I certainly hope so!!!


----------



## Nevermore1 (Oct 30, 2014)

Looks like something my 16 year old and her friends would do whne they get extremely bored.


----------



## Forkie (Oct 30, 2014)

I love the Scandinavians!


----------



## baturn (Oct 30, 2014)

The shot with the carpet isn't too bad.


----------



## shefjr (Oct 30, 2014)

She's got moxy!


----------



## photoguy99 (Oct 30, 2014)

Looks like she's trying to say something but keeps getting lost in just oddness.


----------



## Designer (Oct 30, 2014)

Yes, she is trying to say something.  If she has a friend, I hope the friend knows what to do.


----------



## Rick50 (Oct 30, 2014)

Hmmm, since I'm Finnish I can't comment...


----------



## photoguy99 (Oct 30, 2014)

The Finns are an odd bunch. It's dark there.

If you happen to be Russian possibly the most relevant oddity is that Every. Single. Platoon. has a sniper unit. These are a serious people in some ways.
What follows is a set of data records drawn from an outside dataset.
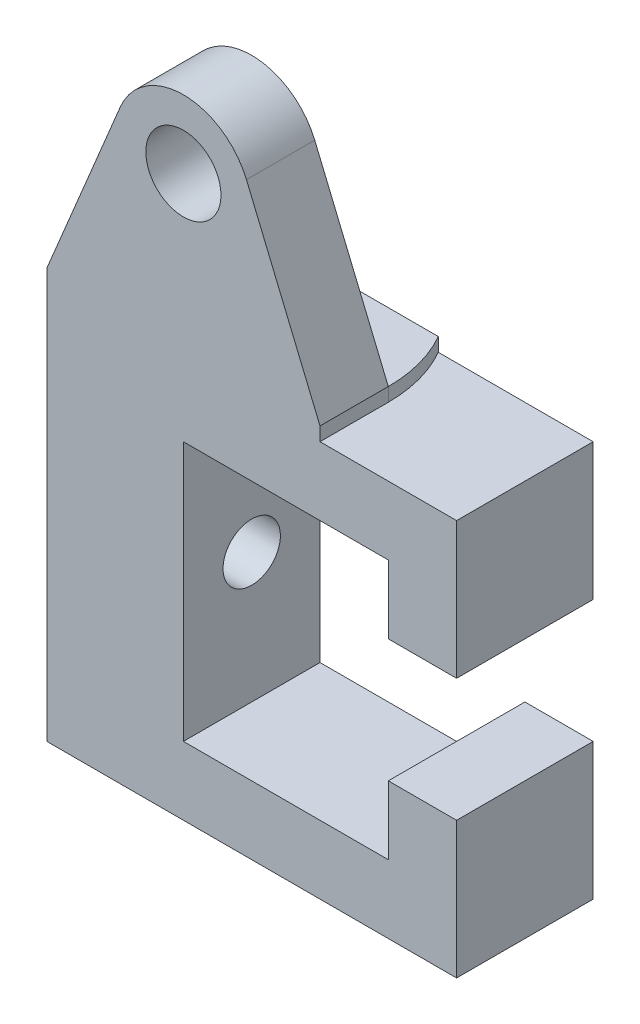
ISO-10303-21;
HEADER;
FILE_DESCRIPTION(('STEP AP214'),'2;1');
FILE_NAME('part.step','',(''),(''),'','','');
FILE_SCHEMA(('AUTOMOTIVE_DESIGN { 1 0 10303 214 1 1 1 1 }'));
ENDSEC;
DATA;
#1=APPLICATION_CONTEXT('core data for automotive mechanical design processes');
#2=APPLICATION_PROTOCOL_DEFINITION('international standard','automotive_design',2000,#1);
#3=PRODUCT_CONTEXT('',#1,'mechanical');
#4=PRODUCT('Part','Part','',(#3));
#5=PRODUCT_RELATED_PRODUCT_CATEGORY('part','',(#4));
#6=PRODUCT_DEFINITION_FORMATION('','',#4);
#7=PRODUCT_DEFINITION_CONTEXT('part definition',#1,'design');
#8=PRODUCT_DEFINITION('design','',#6,#7);
#9=PRODUCT_DEFINITION_SHAPE('','',#8);
#10=(LENGTH_UNIT() NAMED_UNIT(*) SI_UNIT(.MILLI.,.METRE.));
#11=(NAMED_UNIT(*) PLANE_ANGLE_UNIT() SI_UNIT($,.RADIAN.));
#12=(NAMED_UNIT(*) SI_UNIT($,.STERADIAN.) SOLID_ANGLE_UNIT());
#13=UNCERTAINTY_MEASURE_WITH_UNIT(LENGTH_MEASURE(1.E-05),#10,'distance_accuracy_value','');
#14=(GEOMETRIC_REPRESENTATION_CONTEXT(3) GLOBAL_UNCERTAINTY_ASSIGNED_CONTEXT((#13)) GLOBAL_UNIT_ASSIGNED_CONTEXT((#10,
#11,#12)) REPRESENTATION_CONTEXT('',''));
#15=CARTESIAN_POINT('',(0.,0.,0.));
#16=DIRECTION('',(0.,0.,1.));
#17=DIRECTION('',(1.,0.,0.));
#18=AXIS2_PLACEMENT_3D('',#15,#16,#17);
#19=CARTESIAN_POINT('',(0.,25.,0.));
#20=DIRECTION('',(0.,-1.,0.));
#21=DIRECTION('',(1.,0.,0.));
#22=AXIS2_PLACEMENT_3D('',#19,#20,#21);
#23=CYLINDRICAL_SURFACE('',#22,10.);
#24=DIRECTION('',(0.,1.,0.));
#25=VECTOR('',#24,1.);
#26=CARTESIAN_POINT('',(-10.,24.,0.));
#27=LINE('',#26,#25);
#28=CARTESIAN_POINT('',(-10.,24.,0.));
#29=VERTEX_POINT('',#28);
#30=CARTESIAN_POINT('',(-10.,25.,0.));
#31=VERTEX_POINT('',#30);
#32=EDGE_CURVE('E200',#29,#31,#27,.T.);
#33=ORIENTED_EDGE('',*,*,#32,.T.);
#34=CARTESIAN_POINT('',(0.,25.,0.));
#35=DIRECTION('',(0.,1.,0.));
#36=DIRECTION('',(-1.,0.,0.));
#37=AXIS2_PLACEMENT_3D('',#34,#35,#36);
#38=CIRCLE('',#37,10.);
#39=CARTESIAN_POINT('',(-8.66025403784439,25.,-5.));
#40=VERTEX_POINT('',#39);
#41=EDGE_CURVE('E192',#40,#31,#38,.T.);
#42=ORIENTED_EDGE('',*,*,#41,.F.);
#43=DIRECTION('',(0.,-1.,0.));
#44=VECTOR('',#43,1.);
#45=CARTESIAN_POINT('',(-8.66025403784439,25.,-5.));
#46=LINE('',#45,#44);
#47=CARTESIAN_POINT('',(-8.66025403784439,24.,-5.));
#48=VERTEX_POINT('',#47);
#49=EDGE_CURVE('E43',#48,#40,#46,.F.);
#50=ORIENTED_EDGE('',*,*,#49,.F.);
#51=CARTESIAN_POINT('',(0.,24.,0.));
#52=DIRECTION('',(0.,1.,0.));
#53=DIRECTION('',(-1.,0.,0.));
#54=AXIS2_PLACEMENT_3D('',#51,#52,#53);
#55=CIRCLE('',#54,10.);
#56=EDGE_CURVE('E201',#48,#29,#55,.T.);
#57=ORIENTED_EDGE('',*,*,#56,.T.);
#58=EDGE_LOOP('',(#33,#42,#50,#57));
#59=FACE_BOUND('',#58,.T.);
#60=ADVANCED_FACE('F35',(#59),#23,.T.);
#61=CARTESIAN_POINT('',(20.,24.,5.));
#62=DIRECTION('',(0.,-1.,0.));
#63=DIRECTION('',(1.,0.,0.));
#64=AXIS2_PLACEMENT_3D('',#61,#62,#63);
#65=PLANE('',#64);
#66=DIRECTION('',(0.,0.,1.));
#67=VECTOR('',#66,1.);
#68=CARTESIAN_POINT('',(9.99999999999999,24.,0.));
#69=LINE('',#68,#67);
#70=CARTESIAN_POINT('',(9.99999999999999,24.,0.));
#71=VERTEX_POINT('',#70);
#72=CARTESIAN_POINT('',(9.99999999999999,24.,5.));
#73=VERTEX_POINT('',#72);
#74=EDGE_CURVE('E203',#71,#73,#69,.T.);
#75=ORIENTED_EDGE('',*,*,#74,.T.);
#76=DIRECTION('',(-1.,0.,0.));
#77=VECTOR('',#76,1.);
#78=CARTESIAN_POINT('',(20.,24.,5.));
#79=LINE('',#78,#77);
#80=CARTESIAN_POINT('',(20.,24.,5.));
#81=VERTEX_POINT('',#80);
#82=EDGE_CURVE('E245',#81,#73,#79,.T.);
#83=ORIENTED_EDGE('',*,*,#82,.F.);
#84=DIRECTION('',(0.,0.,-1.));
#85=VECTOR('',#84,1.);
#86=CARTESIAN_POINT('',(20.,24.,5.));
#87=LINE('',#86,#85);
#88=CARTESIAN_POINT('',(20.,24.,-5.));
#89=VERTEX_POINT('',#88);
#90=EDGE_CURVE('E289',#81,#89,#87,.T.);
#91=ORIENTED_EDGE('',*,*,#90,.T.);
#92=DIRECTION('',(-1.,0.,0.));
#93=VECTOR('',#92,1.);
#94=CARTESIAN_POINT('',(20.,24.,-5.));
#95=LINE('',#94,#93);
#96=CARTESIAN_POINT('',(8.66025403784438,24.,-5.));
#97=VERTEX_POINT('',#96);
#98=EDGE_CURVE('E271',#89,#97,#95,.T.);
#99=ORIENTED_EDGE('',*,*,#98,.T.);
#100=EDGE_CURVE('E218',#71,#97,#55,.T.);
#101=ORIENTED_EDGE('',*,*,#100,.F.);
#102=EDGE_LOOP('',(#75,#83,#91,#99,#101));
#103=FACE_BOUND('',#102,.T.);
#104=ADVANCED_FACE('F359',(#103),#65,.F.);
#105=CARTESIAN_POINT('',(0.,25.,0.));
#106=DIRECTION('',(0.,1.,0.));
#107=DIRECTION('',(-1.,0.,0.));
#108=AXIS2_PLACEMENT_3D('',#105,#106,#107);
#109=PLANE('',#108);
#110=CARTESIAN_POINT('',(9.99999999999999,25.,0.));
#111=VERTEX_POINT('',#110);
#112=CARTESIAN_POINT('',(8.66025403784438,25.,-5.));
#113=VERTEX_POINT('',#112);
#114=EDGE_CURVE('E196',#111,#113,#38,.T.);
#115=ORIENTED_EDGE('',*,*,#114,.T.);
#116=DIRECTION('',(-1.,0.,0.));
#117=VECTOR('',#116,1.);
#118=CARTESIAN_POINT('',(0.,25.,-5.));
#119=LINE('',#118,#117);
#120=EDGE_CURVE('E195',#113,#40,#119,.T.);
#121=ORIENTED_EDGE('',*,*,#120,.T.);
#122=ORIENTED_EDGE('',*,*,#41,.T.);
#123=DIRECTION('',(1.,0.,0.));
#124=VECTOR('',#123,1.);
#125=CARTESIAN_POINT('',(9.99999999999999,25.,0.));
#126=LINE('',#125,#124);
#127=EDGE_CURVE('E167',#31,#111,#126,.T.);
#128=ORIENTED_EDGE('',*,*,#127,.T.);
#129=EDGE_LOOP('',(#115,#121,#122,#128));
#130=FACE_BOUND('',#129,.T.);
#131=ADVANCED_FACE('F194',(#130),#109,.T.);
#132=ORIENTED_EDGE('',*,*,#114,.F.);
#133=DIRECTION('',(0.,1.,0.));
#134=VECTOR('',#133,1.);
#135=CARTESIAN_POINT('',(9.99999999999999,24.,0.));
#136=LINE('',#135,#134);
#137=EDGE_CURVE('E50',#71,#111,#136,.T.);
#138=ORIENTED_EDGE('',*,*,#137,.F.);
#139=ORIENTED_EDGE('',*,*,#100,.T.);
#140=DIRECTION('',(0.,-1.,0.));
#141=VECTOR('',#140,1.);
#142=CARTESIAN_POINT('',(8.66025403784438,25.,-5.));
#143=LINE('',#142,#141);
#144=EDGE_CURVE('E11',#113,#97,#143,.T.);
#145=ORIENTED_EDGE('',*,*,#144,.F.);
#146=EDGE_LOOP('',(#132,#138,#139,#145));
#147=FACE_BOUND('',#146,.T.);
#148=ADVANCED_FACE('F371',(#147),#23,.T.);
#149=CARTESIAN_POINT('',(20.,5.,5.));
#150=DIRECTION('',(0.,-1.,0.));
#151=DIRECTION('',(0.,0.,-1.));
#152=AXIS2_PLACEMENT_3D('',#149,#150,#151);
#153=PLANE('',#152);
#154=DIRECTION('',(-1.,0.,0.));
#155=VECTOR('',#154,1.);
#156=CARTESIAN_POINT('',(20.,5.,-5.));
#157=LINE('',#156,#155);
#158=CARTESIAN_POINT('',(20.,5.,-5.));
#159=VERTEX_POINT('',#158);
#160=CARTESIAN_POINT('',(15.,5.,-5.));
#161=VERTEX_POINT('',#160);
#162=EDGE_CURVE('E223',#159,#161,#157,.T.);
#163=ORIENTED_EDGE('',*,*,#162,.T.);
#164=DIRECTION('',(0.,0.,-1.));
#165=VECTOR('',#164,1.);
#166=CARTESIAN_POINT('',(15.,5.,5.));
#167=LINE('',#166,#165);
#168=CARTESIAN_POINT('',(15.,5.,5.));
#169=VERTEX_POINT('',#168);
#170=EDGE_CURVE('E310',#169,#161,#167,.T.);
#171=ORIENTED_EDGE('',*,*,#170,.F.);
#172=DIRECTION('',(-1.,0.,0.));
#173=VECTOR('',#172,1.);
#174=CARTESIAN_POINT('',(20.,5.,5.));
#175=LINE('',#174,#173);
#176=CARTESIAN_POINT('',(20.,5.,5.));
#177=VERTEX_POINT('',#176);
#178=EDGE_CURVE('E227',#177,#169,#175,.T.);
#179=ORIENTED_EDGE('',*,*,#178,.F.);
#180=DIRECTION('',(0.,0.,-1.));
#181=VECTOR('',#180,1.);
#182=CARTESIAN_POINT('',(20.,5.,5.));
#183=LINE('',#182,#181);
#184=EDGE_CURVE('E253',#177,#159,#183,.T.);
#185=ORIENTED_EDGE('',*,*,#184,.T.);
#186=EDGE_LOOP('',(#163,#171,#179,#185));
#187=FACE_BOUND('',#186,.T.);
#188=ADVANCED_FACE('F37',(#187),#153,.F.);
#189=CARTESIAN_POINT('',(15.,5.,5.));
#190=DIRECTION('',(1.,0.,0.));
#191=DIRECTION('',(0.,1.,0.));
#192=AXIS2_PLACEMENT_3D('',#189,#190,#191);
#193=PLANE('',#192);
#194=DIRECTION('',(0.,-1.,0.));
#195=VECTOR('',#194,1.);
#196=CARTESIAN_POINT('',(15.,5.,-5.));
#197=LINE('',#196,#195);
#198=CARTESIAN_POINT('',(15.,0.,-5.));
#199=VERTEX_POINT('',#198);
#200=EDGE_CURVE('E256',#161,#199,#197,.T.);
#201=ORIENTED_EDGE('',*,*,#200,.T.);
#202=DIRECTION('',(0.,0.,-1.));
#203=VECTOR('',#202,1.);
#204=CARTESIAN_POINT('',(15.,0.,5.));
#205=LINE('',#204,#203);
#206=CARTESIAN_POINT('',(15.,0.,5.));
#207=VERTEX_POINT('',#206);
#208=EDGE_CURVE('E307',#207,#199,#205,.T.);
#209=ORIENTED_EDGE('',*,*,#208,.F.);
#210=DIRECTION('',(0.,-1.,0.));
#211=VECTOR('',#210,1.);
#212=CARTESIAN_POINT('',(15.,5.,5.));
#213=LINE('',#212,#211);
#214=EDGE_CURVE('E230',#169,#207,#213,.T.);
#215=ORIENTED_EDGE('',*,*,#214,.F.);
#216=ORIENTED_EDGE('',*,*,#170,.T.);
#217=EDGE_LOOP('',(#201,#209,#215,#216));
#218=FACE_BOUND('',#217,.T.);
#219=ADVANCED_FACE('F408',(#218),#193,.F.);
#220=CARTESIAN_POINT('',(15.,0.,5.));
#221=DIRECTION('',(0.,-1.,0.));
#222=DIRECTION('',(0.,0.,-1.));
#223=AXIS2_PLACEMENT_3D('',#220,#221,#222);
#224=PLANE('',#223);
#225=DIRECTION('',(-1.,0.,0.));
#226=VECTOR('',#225,1.);
#227=CARTESIAN_POINT('',(15.,0.,-5.));
#228=LINE('',#227,#226);
#229=CARTESIAN_POINT('',(0.,0.,-5.));
#230=VERTEX_POINT('',#229);
#231=EDGE_CURVE('E258',#199,#230,#228,.T.);
#232=ORIENTED_EDGE('',*,*,#231,.T.);
#233=DIRECTION('',(0.,0.,-1.));
#234=VECTOR('',#233,1.);
#235=CARTESIAN_POINT('',(0.,0.,5.));
#236=LINE('',#235,#234);
#237=CARTESIAN_POINT('',(0.,0.,5.));
#238=VERTEX_POINT('',#237);
#239=EDGE_CURVE('E304',#238,#230,#236,.T.);
#240=ORIENTED_EDGE('',*,*,#239,.F.);
#241=DIRECTION('',(-1.,0.,0.));
#242=VECTOR('',#241,1.);
#243=CARTESIAN_POINT('',(15.,0.,5.));
#244=LINE('',#243,#242);
#245=EDGE_CURVE('E233',#207,#238,#244,.T.);
#246=ORIENTED_EDGE('',*,*,#245,.F.);
#247=ORIENTED_EDGE('',*,*,#208,.T.);
#248=EDGE_LOOP('',(#232,#240,#246,#247));
#249=FACE_BOUND('',#248,.T.);
#250=ADVANCED_FACE('F454',(#249),#224,.F.);
#251=CARTESIAN_POINT('',(0.,0.,5.));
#252=DIRECTION('',(-1.,0.,0.));
#253=DIRECTION('',(0.,-1.,0.));
#254=AXIS2_PLACEMENT_3D('',#251,#252,#253);
#255=PLANE('',#254);
#256=CARTESIAN_POINT('',(0.,9.49999999999999,0.));
#257=DIRECTION('',(-1.,0.,0.));
#258=DIRECTION('',(0.,-1.,0.));
#259=AXIS2_PLACEMENT_3D('',#256,#257,#258);
#260=CIRCLE('',#259,2.1);
#261=CARTESIAN_POINT('',(0.,7.39999999999999,0.));
#262=VERTEX_POINT('',#261);
#263=EDGE_CURVE('E220',#262,#262,#260,.T.);
#264=ORIENTED_EDGE('',*,*,#263,.T.);
#265=EDGE_LOOP('',(#264));
#266=FACE_BOUND('',#265,.T.);
#267=DIRECTION('',(0.,1.,0.));
#268=VECTOR('',#267,1.);
#269=CARTESIAN_POINT('',(0.,0.,-5.));
#270=LINE('',#269,#268);
#271=CARTESIAN_POINT('',(0.,19.,-5.));
#272=VERTEX_POINT('',#271);
#273=EDGE_CURVE('E260',#230,#272,#270,.T.);
#274=ORIENTED_EDGE('',*,*,#273,.T.);
#275=DIRECTION('',(0.,0.,-1.));
#276=VECTOR('',#275,1.);
#277=CARTESIAN_POINT('',(0.,19.,5.));
#278=LINE('',#277,#276);
#279=CARTESIAN_POINT('',(0.,19.,5.));
#280=VERTEX_POINT('',#279);
#281=EDGE_CURVE('E301',#280,#272,#278,.T.);
#282=ORIENTED_EDGE('',*,*,#281,.F.);
#283=DIRECTION('',(0.,1.,0.));
#284=VECTOR('',#283,1.);
#285=CARTESIAN_POINT('',(0.,0.,5.));
#286=LINE('',#285,#284);
#287=EDGE_CURVE('E235',#238,#280,#286,.T.);
#288=ORIENTED_EDGE('',*,*,#287,.F.);
#289=ORIENTED_EDGE('',*,*,#239,.T.);
#290=EDGE_LOOP('',(#274,#282,#288,#289));
#291=FACE_BOUND('',#290,.T.);
#292=ADVANCED_FACE('F450',(#266,#291),#255,.F.);
#293=CARTESIAN_POINT('',(0.,19.,5.));
#294=DIRECTION('',(0.,1.,0.));
#295=DIRECTION('',(-1.,0.,0.));
#296=AXIS2_PLACEMENT_3D('',#293,#294,#295);
#297=PLANE('',#296);
#298=DIRECTION('',(1.,0.,0.));
#299=VECTOR('',#298,1.);
#300=CARTESIAN_POINT('',(0.,19.,-5.));
#301=LINE('',#300,#299);
#302=CARTESIAN_POINT('',(15.,19.,-5.));
#303=VERTEX_POINT('',#302);
#304=EDGE_CURVE('E262',#272,#303,#301,.T.);
#305=ORIENTED_EDGE('',*,*,#304,.T.);
#306=DIRECTION('',(0.,0.,-1.));
#307=VECTOR('',#306,1.);
#308=CARTESIAN_POINT('',(15.,19.,5.));
#309=LINE('',#308,#307);
#310=CARTESIAN_POINT('',(15.,19.,5.));
#311=VERTEX_POINT('',#310);
#312=EDGE_CURVE('E298',#311,#303,#309,.T.);
#313=ORIENTED_EDGE('',*,*,#312,.F.);
#314=DIRECTION('',(1.,0.,0.));
#315=VECTOR('',#314,1.);
#316=CARTESIAN_POINT('',(0.,19.,5.));
#317=LINE('',#316,#315);
#318=EDGE_CURVE('E237',#280,#311,#317,.T.);
#319=ORIENTED_EDGE('',*,*,#318,.F.);
#320=ORIENTED_EDGE('',*,*,#281,.T.);
#321=EDGE_LOOP('',(#305,#313,#319,#320));
#322=FACE_BOUND('',#321,.T.);
#323=ADVANCED_FACE('F446',(#322),#297,.F.);
#324=CARTESIAN_POINT('',(15.,19.,5.));
#325=DIRECTION('',(1.,0.,0.));
#326=DIRECTION('',(0.,1.,0.));
#327=AXIS2_PLACEMENT_3D('',#324,#325,#326);
#328=PLANE('',#327);
#329=DIRECTION('',(0.,-1.,0.));
#330=VECTOR('',#329,1.);
#331=CARTESIAN_POINT('',(15.,19.,-5.));
#332=LINE('',#331,#330);
#333=CARTESIAN_POINT('',(15.,14.,-5.));
#334=VERTEX_POINT('',#333);
#335=EDGE_CURVE('E264',#303,#334,#332,.T.);
#336=ORIENTED_EDGE('',*,*,#335,.T.);
#337=DIRECTION('',(0.,0.,-1.));
#338=VECTOR('',#337,1.);
#339=CARTESIAN_POINT('',(15.,14.,5.));
#340=LINE('',#339,#338);
#341=CARTESIAN_POINT('',(15.,14.,5.));
#342=VERTEX_POINT('',#341);
#343=EDGE_CURVE('E295',#342,#334,#340,.T.);
#344=ORIENTED_EDGE('',*,*,#343,.F.);
#345=DIRECTION('',(0.,-1.,0.));
#346=VECTOR('',#345,1.);
#347=CARTESIAN_POINT('',(15.,19.,5.));
#348=LINE('',#347,#346);
#349=EDGE_CURVE('E239',#311,#342,#348,.T.);
#350=ORIENTED_EDGE('',*,*,#349,.F.);
#351=ORIENTED_EDGE('',*,*,#312,.T.);
#352=EDGE_LOOP('',(#336,#344,#350,#351));
#353=FACE_BOUND('',#352,.T.);
#354=ADVANCED_FACE('F442',(#353),#328,.F.);
#355=CARTESIAN_POINT('',(15.,14.,5.));
#356=DIRECTION('',(0.,1.,0.));
#357=DIRECTION('',(0.,0.,1.));
#358=AXIS2_PLACEMENT_3D('',#355,#356,#357);
#359=PLANE('',#358);
#360=DIRECTION('',(1.,0.,0.));
#361=VECTOR('',#360,1.);
#362=CARTESIAN_POINT('',(15.,14.,-5.));
#363=LINE('',#362,#361);
#364=CARTESIAN_POINT('',(20.,14.,-5.));
#365=VERTEX_POINT('',#364);
#366=EDGE_CURVE('E266',#334,#365,#363,.T.);
#367=ORIENTED_EDGE('',*,*,#366,.T.);
#368=DIRECTION('',(0.,0.,-1.));
#369=VECTOR('',#368,1.);
#370=CARTESIAN_POINT('',(20.,14.,5.));
#371=LINE('',#370,#369);
#372=CARTESIAN_POINT('',(20.,14.,5.));
#373=VERTEX_POINT('',#372);
#374=EDGE_CURVE('E292',#373,#365,#371,.T.);
#375=ORIENTED_EDGE('',*,*,#374,.F.);
#376=DIRECTION('',(1.,0.,0.));
#377=VECTOR('',#376,1.);
#378=CARTESIAN_POINT('',(15.,14.,5.));
#379=LINE('',#378,#377);
#380=EDGE_CURVE('E241',#342,#373,#379,.T.);
#381=ORIENTED_EDGE('',*,*,#380,.F.);
#382=ORIENTED_EDGE('',*,*,#343,.T.);
#383=EDGE_LOOP('',(#367,#375,#381,#382));
#384=FACE_BOUND('',#383,.T.);
#385=ADVANCED_FACE('F439',(#384),#359,.F.);
#386=CARTESIAN_POINT('',(20.,14.,5.));
#387=DIRECTION('',(-1.,0.,0.));
#388=DIRECTION('',(0.,0.,1.));
#389=AXIS2_PLACEMENT_3D('',#386,#387,#388);
#390=PLANE('',#389);
#391=DIRECTION('',(0.,1.,0.));
#392=VECTOR('',#391,1.);
#393=CARTESIAN_POINT('',(20.,14.,-5.));
#394=LINE('',#393,#392);
#395=EDGE_CURVE('E268',#365,#89,#394,.T.);
#396=ORIENTED_EDGE('',*,*,#395,.T.);
#397=ORIENTED_EDGE('',*,*,#90,.F.);
#398=DIRECTION('',(0.,1.,0.));
#399=VECTOR('',#398,1.);
#400=CARTESIAN_POINT('',(20.,14.,5.));
#401=LINE('',#400,#399);
#402=EDGE_CURVE('E243',#373,#81,#401,.T.);
#403=ORIENTED_EDGE('',*,*,#402,.F.);
#404=ORIENTED_EDGE('',*,*,#374,.T.);
#405=EDGE_LOOP('',(#396,#397,#403,#404));
#406=FACE_BOUND('',#405,.T.);
#407=ADVANCED_FACE('F366',(#406),#390,.F.);
#408=ORIENTED_EDGE('',*,*,#56,.F.);
#409=CARTESIAN_POINT('',(-10.,24.,-5.));
#410=VERTEX_POINT('',#409);
#411=EDGE_CURVE('E270',#48,#410,#95,.T.);
#412=ORIENTED_EDGE('',*,*,#411,.T.);
#413=DIRECTION('',(0.,0.,-1.));
#414=VECTOR('',#413,1.);
#415=CARTESIAN_POINT('',(-10.,24.,5.));
#416=LINE('',#415,#414);
#417=EDGE_CURVE('E287',#29,#410,#416,.T.);
#418=ORIENTED_EDGE('',*,*,#417,.F.);
#419=EDGE_LOOP('',(#408,#412,#418));
#420=FACE_BOUND('',#419,.T.);
#421=ADVANCED_FACE('F321',(#420),#65,.F.);
#422=CARTESIAN_POINT('',(-10.,24.,5.));
#423=DIRECTION('',(1.,0.,0.));
#424=DIRECTION('',(0.,1.,0.));
#425=AXIS2_PLACEMENT_3D('',#422,#423,#424);
#426=PLANE('',#425);
#427=CARTESIAN_POINT('',(-10.,9.49999999999999,0.));
#428=DIRECTION('',(-1.,0.,0.));
#429=DIRECTION('',(0.,-1.,0.));
#430=AXIS2_PLACEMENT_3D('',#427,#428,#429);
#431=CIRCLE('',#430,2.1);
#432=CARTESIAN_POINT('',(-10.,7.39999999999999,0.));
#433=VERTEX_POINT('',#432);
#434=EDGE_CURVE('E224',#433,#433,#431,.T.);
#435=ORIENTED_EDGE('',*,*,#434,.F.);
#436=EDGE_LOOP('',(#435));
#437=FACE_BOUND('',#436,.T.);
#438=DIRECTION('',(0.,-1.,0.));
#439=VECTOR('',#438,1.);
#440=CARTESIAN_POINT('',(-10.,24.,-5.));
#441=LINE('',#440,#439);
#442=CARTESIAN_POINT('',(-10.,-5.,-5.));
#443=VERTEX_POINT('',#442);
#444=EDGE_CURVE('E274',#410,#443,#441,.T.);
#445=ORIENTED_EDGE('',*,*,#444,.T.);
#446=DIRECTION('',(0.,0.,-1.));
#447=VECTOR('',#446,1.);
#448=CARTESIAN_POINT('',(-10.,-5.,5.));
#449=LINE('',#448,#447);
#450=CARTESIAN_POINT('',(-10.,-5.,5.));
#451=VERTEX_POINT('',#450);
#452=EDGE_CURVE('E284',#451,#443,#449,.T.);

It should not be surprising to find a quirky sense of humor as well.


----------



## pixmedic (Oct 30, 2014)

i found nothing controversial, nor artistic in any of those photos. 
It looks like she just took badly staged selfies with whatever random junk she happened to have lying around at the time.


----------



## KmH (Oct 30, 2014)

Wow! It's ART!


----------



## snerd (Oct 31, 2014)




----------



## Braineack (Oct 31, 2014)

replace controversial with bored.


----------



## Overread (Oct 31, 2014)

Take a good long look everyone. 

Now this is what happens when friends try those 365 Day selfie photo challenges. 

Learn a lesson - DON'T let friends 365 Day selfie!


----------



## mrs.hankIII (Nov 1, 2014)

...I don't get it.


----------



## snowbear (Nov 3, 2014)

That.  Poor.  Bear.


----------